L'esprit de Paris  

LA PETITE VILLE

LE VENT

Comme c’est beau, le vent dans les grands arbres !

Il les plie à sa volonté avec une telle aisance, une telle domination !

On dirait qu’il va les briser !

Mais non, il se contente de les humilier, de leur faire sentir sa force en les obligeant à lui obéir et à se courber devant lui.



Quand il a bien secoué les géants, il descend aux nains, aux humbles qui sont à peine des arbustes, qui se cachent derrière les murs, s’appuient à des tuteurs et, d’un grand geste, il balaie toute cette poussière, qui s’en moque d’ailleurs, tel le fameux roseau, et se redresse bientôt avec ironie.

C’est par là que l’on voit le vent : par son effet sur le peuple végétal.

On l’entend aussi, quand il passe dans les pins, on mesure son effort ou sa colère par la longueur de son gémissement ; dans les peupliers, il bruit ; dans les chênes, il mugit ; chaque sorte d’arbres fait entendre sous le vent une musique particulière, mais dans les maisons, il sanglote.

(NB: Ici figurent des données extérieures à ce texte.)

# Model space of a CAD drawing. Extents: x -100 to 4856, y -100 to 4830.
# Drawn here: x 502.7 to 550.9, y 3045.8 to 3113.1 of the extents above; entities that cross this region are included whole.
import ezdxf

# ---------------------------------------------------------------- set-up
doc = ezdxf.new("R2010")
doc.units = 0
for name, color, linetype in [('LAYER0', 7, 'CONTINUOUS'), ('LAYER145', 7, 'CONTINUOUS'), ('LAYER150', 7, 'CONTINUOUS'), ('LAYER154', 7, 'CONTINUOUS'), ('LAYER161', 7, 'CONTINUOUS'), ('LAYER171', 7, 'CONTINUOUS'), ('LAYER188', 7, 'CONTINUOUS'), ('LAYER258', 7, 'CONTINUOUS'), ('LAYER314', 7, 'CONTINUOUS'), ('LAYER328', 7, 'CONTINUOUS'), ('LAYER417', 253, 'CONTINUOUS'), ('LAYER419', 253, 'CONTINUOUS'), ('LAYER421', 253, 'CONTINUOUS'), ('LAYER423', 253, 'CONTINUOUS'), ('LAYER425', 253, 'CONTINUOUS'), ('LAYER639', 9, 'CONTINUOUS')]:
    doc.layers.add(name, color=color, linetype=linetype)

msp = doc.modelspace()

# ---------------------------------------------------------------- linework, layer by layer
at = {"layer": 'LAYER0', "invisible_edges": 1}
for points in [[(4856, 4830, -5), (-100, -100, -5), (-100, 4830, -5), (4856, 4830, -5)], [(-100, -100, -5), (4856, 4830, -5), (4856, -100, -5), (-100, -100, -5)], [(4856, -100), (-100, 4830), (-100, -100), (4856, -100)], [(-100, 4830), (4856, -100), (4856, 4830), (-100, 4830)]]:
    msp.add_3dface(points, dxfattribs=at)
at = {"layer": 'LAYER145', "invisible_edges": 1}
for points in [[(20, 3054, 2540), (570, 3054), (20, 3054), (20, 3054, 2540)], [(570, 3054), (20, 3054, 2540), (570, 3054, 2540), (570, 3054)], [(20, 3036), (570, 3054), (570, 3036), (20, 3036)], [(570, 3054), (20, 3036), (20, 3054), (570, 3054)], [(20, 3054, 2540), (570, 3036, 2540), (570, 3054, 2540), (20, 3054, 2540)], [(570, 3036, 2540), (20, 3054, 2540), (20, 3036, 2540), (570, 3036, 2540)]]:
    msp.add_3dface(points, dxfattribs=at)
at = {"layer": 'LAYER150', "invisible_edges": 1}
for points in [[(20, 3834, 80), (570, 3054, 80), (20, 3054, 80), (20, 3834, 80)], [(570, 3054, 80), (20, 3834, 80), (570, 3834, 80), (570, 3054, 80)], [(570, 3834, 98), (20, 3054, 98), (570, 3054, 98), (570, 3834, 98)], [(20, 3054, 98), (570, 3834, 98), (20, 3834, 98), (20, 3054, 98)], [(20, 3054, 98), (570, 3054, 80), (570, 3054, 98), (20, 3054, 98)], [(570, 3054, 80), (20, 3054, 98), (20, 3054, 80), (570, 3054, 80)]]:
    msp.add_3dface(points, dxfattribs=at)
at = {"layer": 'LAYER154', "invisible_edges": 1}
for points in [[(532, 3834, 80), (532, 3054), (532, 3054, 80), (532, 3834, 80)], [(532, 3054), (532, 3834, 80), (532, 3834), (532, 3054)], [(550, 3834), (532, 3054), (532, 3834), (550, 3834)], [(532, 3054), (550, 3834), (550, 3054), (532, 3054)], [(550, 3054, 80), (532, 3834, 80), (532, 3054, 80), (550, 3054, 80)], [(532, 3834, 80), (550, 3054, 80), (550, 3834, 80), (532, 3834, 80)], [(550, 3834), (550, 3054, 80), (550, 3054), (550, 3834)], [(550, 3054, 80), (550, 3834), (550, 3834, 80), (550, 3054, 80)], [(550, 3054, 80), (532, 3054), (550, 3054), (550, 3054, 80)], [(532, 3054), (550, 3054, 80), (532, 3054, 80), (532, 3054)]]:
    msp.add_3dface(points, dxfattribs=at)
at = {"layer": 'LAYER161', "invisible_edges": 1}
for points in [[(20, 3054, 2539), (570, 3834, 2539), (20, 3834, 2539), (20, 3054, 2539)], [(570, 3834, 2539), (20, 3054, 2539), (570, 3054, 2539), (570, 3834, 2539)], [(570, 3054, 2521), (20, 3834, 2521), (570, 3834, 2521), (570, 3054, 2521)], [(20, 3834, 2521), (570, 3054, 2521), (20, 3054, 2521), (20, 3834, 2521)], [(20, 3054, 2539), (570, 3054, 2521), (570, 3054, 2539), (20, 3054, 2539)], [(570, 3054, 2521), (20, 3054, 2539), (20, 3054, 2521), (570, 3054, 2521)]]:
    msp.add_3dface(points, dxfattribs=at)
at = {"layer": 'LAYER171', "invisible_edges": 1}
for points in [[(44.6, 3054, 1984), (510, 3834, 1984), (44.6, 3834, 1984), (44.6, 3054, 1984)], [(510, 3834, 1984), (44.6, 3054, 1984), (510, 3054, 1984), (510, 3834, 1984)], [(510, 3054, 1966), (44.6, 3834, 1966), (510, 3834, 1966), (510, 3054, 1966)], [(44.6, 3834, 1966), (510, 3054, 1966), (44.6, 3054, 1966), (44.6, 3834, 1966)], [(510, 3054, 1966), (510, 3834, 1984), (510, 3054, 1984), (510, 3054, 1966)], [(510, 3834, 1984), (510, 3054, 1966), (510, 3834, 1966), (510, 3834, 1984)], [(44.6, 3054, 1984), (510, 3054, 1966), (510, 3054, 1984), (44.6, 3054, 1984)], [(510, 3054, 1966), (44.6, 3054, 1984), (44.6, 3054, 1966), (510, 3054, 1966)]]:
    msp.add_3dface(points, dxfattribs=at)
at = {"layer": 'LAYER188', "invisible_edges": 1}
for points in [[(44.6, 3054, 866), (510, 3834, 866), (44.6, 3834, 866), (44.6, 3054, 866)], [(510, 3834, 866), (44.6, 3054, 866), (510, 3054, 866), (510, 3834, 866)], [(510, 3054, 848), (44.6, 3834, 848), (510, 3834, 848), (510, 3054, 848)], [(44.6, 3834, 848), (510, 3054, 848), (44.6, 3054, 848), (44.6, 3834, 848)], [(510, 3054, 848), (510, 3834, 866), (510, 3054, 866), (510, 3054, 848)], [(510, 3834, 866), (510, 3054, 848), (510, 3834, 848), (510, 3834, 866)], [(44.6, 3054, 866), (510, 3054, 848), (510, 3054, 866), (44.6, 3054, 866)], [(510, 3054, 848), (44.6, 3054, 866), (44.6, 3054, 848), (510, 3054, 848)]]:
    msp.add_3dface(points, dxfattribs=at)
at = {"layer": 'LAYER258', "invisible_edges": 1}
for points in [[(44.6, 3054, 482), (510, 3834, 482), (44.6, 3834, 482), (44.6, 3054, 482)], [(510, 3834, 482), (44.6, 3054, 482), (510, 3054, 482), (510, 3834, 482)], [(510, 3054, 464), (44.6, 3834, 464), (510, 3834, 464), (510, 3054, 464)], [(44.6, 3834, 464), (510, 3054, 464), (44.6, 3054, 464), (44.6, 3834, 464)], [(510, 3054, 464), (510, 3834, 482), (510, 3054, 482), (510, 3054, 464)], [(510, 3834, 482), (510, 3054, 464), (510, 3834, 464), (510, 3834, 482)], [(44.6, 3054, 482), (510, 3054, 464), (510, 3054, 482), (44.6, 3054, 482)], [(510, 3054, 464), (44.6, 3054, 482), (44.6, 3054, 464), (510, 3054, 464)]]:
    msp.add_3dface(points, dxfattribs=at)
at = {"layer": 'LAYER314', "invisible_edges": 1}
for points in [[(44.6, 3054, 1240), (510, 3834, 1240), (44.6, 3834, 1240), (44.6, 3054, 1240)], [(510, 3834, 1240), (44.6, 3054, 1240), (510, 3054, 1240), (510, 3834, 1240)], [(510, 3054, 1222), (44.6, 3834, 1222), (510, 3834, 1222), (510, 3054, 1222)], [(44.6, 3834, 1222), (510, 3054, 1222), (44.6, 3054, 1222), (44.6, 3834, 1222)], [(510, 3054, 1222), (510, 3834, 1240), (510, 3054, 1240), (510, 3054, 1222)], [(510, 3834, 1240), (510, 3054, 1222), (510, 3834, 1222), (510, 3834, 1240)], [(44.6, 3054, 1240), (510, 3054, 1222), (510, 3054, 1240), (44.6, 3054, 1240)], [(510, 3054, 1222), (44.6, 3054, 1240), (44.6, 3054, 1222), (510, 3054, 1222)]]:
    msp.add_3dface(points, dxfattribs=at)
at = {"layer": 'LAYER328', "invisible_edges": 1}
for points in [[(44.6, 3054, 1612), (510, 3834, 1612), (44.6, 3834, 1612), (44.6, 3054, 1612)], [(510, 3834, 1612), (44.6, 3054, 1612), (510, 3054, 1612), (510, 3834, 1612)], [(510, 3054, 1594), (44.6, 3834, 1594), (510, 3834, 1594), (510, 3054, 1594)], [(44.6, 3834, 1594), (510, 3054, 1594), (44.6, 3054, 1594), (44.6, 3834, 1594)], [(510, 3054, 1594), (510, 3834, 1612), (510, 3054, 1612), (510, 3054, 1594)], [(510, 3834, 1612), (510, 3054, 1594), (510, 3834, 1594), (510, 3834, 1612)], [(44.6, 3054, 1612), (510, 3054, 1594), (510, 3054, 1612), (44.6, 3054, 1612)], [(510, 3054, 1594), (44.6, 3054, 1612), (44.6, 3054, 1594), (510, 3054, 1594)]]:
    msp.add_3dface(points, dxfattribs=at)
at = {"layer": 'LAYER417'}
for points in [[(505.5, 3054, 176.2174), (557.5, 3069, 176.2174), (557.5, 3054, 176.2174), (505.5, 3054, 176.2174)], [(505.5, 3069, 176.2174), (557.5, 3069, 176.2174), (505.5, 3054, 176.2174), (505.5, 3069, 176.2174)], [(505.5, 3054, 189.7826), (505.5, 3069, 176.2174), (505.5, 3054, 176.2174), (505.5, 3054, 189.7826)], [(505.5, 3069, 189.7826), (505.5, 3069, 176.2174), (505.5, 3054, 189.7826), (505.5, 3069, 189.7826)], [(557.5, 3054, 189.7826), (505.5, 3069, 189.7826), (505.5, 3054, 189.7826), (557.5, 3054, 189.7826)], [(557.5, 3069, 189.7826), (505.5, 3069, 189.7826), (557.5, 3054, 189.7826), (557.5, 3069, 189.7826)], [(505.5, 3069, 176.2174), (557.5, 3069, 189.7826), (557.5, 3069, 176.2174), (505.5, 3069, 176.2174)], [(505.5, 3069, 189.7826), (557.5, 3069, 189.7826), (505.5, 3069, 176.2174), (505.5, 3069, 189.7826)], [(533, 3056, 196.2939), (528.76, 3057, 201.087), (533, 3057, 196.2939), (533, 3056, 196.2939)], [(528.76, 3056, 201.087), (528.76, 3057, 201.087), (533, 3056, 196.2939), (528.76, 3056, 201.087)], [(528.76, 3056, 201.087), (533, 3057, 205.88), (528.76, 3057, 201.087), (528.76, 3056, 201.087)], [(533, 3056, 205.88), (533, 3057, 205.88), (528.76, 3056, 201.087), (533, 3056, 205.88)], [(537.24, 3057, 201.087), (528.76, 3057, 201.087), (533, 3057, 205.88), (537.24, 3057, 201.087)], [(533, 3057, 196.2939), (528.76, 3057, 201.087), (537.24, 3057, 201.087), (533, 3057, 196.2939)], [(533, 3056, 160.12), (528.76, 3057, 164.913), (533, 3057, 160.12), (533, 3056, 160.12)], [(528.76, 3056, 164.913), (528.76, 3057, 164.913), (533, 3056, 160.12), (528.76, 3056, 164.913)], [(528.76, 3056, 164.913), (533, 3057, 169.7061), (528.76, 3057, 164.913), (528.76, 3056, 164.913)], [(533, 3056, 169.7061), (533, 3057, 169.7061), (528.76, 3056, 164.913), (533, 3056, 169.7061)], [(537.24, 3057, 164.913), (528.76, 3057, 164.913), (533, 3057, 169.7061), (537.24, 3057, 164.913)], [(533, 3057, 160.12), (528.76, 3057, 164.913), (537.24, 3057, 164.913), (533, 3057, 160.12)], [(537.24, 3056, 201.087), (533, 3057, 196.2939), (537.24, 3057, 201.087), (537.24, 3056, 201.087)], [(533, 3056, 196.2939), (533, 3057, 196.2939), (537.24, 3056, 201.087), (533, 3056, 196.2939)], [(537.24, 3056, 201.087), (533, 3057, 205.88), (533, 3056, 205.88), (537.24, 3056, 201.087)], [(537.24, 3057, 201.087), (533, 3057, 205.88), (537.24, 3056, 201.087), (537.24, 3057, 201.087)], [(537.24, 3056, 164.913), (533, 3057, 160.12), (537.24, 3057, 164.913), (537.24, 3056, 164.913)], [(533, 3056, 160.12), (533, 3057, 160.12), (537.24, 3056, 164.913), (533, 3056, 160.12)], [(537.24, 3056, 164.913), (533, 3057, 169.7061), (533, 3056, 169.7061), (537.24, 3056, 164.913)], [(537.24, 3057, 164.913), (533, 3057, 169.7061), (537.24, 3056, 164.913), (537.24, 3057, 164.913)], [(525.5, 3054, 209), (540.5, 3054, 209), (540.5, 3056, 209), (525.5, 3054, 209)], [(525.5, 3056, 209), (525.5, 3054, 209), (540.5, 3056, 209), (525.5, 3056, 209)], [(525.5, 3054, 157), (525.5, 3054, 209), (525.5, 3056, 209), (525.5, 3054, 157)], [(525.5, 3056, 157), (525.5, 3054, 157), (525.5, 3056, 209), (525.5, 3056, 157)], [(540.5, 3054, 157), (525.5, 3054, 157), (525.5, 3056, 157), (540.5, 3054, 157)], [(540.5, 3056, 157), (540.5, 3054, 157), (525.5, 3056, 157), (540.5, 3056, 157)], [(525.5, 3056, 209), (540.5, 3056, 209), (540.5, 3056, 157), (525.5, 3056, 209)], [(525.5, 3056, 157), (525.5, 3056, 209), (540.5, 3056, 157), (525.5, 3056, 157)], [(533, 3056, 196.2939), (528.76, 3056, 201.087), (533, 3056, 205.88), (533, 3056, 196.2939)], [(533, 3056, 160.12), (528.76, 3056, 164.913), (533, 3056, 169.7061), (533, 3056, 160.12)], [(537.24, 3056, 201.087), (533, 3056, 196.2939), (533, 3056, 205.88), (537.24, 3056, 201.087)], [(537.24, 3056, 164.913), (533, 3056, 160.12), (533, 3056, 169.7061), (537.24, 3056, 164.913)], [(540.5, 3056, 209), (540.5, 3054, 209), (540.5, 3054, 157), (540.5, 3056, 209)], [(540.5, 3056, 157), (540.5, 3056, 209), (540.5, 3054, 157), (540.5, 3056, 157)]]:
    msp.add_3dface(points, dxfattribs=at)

Quand il pénètre dans la vieille maison de jadis, où fenêtres et portes ferment si mal, il lui prend des accents de désespoir, il devient lugubre.

Mais il ne s’agite nulle part si véhémentement que contre la cathédrale aux longues flèches, si frêles et si tentantes pour une tempête.

On ne le voit ni ne l’entend, il arrive de tous les côtés à la fois, enveloppe les passants de la place, les malmène, parfois les soude sur le pavé.

Nos ancêtres, gens calmes et réfléchis, avaient entouré cette place de maisons qui barraient le chemin du vent.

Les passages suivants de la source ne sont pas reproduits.